→ **WORK REQUIRED**
Those lines of the records that contain "normal" are to be located and copied.

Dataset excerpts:
+ + +

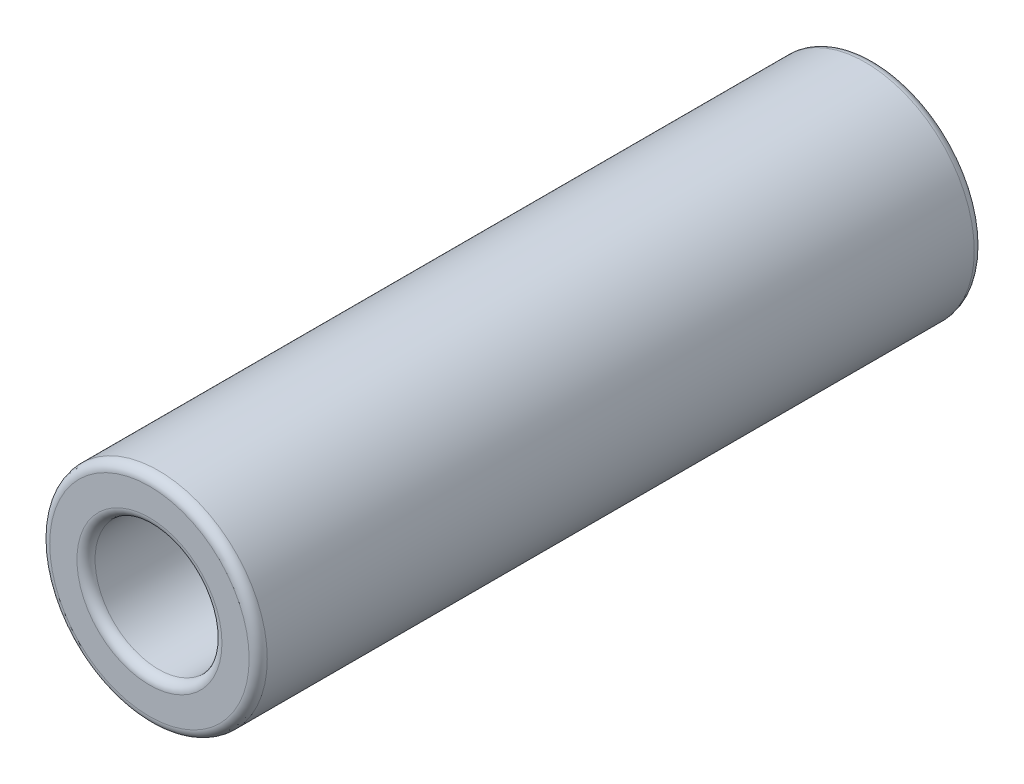
SolidWorks part; units mm, degrees
ref_plane "Płaszczyzna przednia" through (0, 0, 0) normal (0, 0, 1) x (1, 0, 0)
ref_plane "Płaszczyzna górna" through (0, 0, 0) normal (0, 1, 0) x (1, 0, 0)
ref_plane "Płaszczyzna prawa" through (0, 0, 0) normal (1, 0, 0) x (0, 0, -1)
sketch "Szkic1" plane through (0, 0, 0) normal (0, 0, 1) x (1, 0, 0)
  circle A0 centre (0, 0) radius 3.5
  circle A1 centre (0, 0) radius 6
  dimension "D1" = 7
  dimension "D2" = 12
extrude "Dodanie-wyciągnięcie1" add sketch "Szkic1" along normal blind 40 contours A0 | A1
fillet "Zaokrąglenie1" radius 0.5 2 edges at (3.5, 0, 0) (6, 0, 0)
fillet "Zaokrąglenie2" radius 0.5 2 edges at (3.5, 0, 40) (6, 0, 40)

+ + +

→ **TASK RESPONSE**
ref_plane "Płaszczyzna przednia" through (0, 0, 0) normal (0, 0, 1) x (1, 0, 0)
ref_plane "Płaszczyzna górna" through (0, 0, 0) normal (0, 1, 0) x (1, 0, 0)
ref_plane "Płaszczyzna prawa" through (0, 0, 0) normal (1, 0, 0) x (0, 0, -1)
sketch "Szkic1" plane through (0, 0, 0) normal (0, 0, 1) x (1, 0, 0)
extrude "Dodanie-wyciągnięcie1" add sketch "Szkic1" along normal blind 40 contours A0 | A1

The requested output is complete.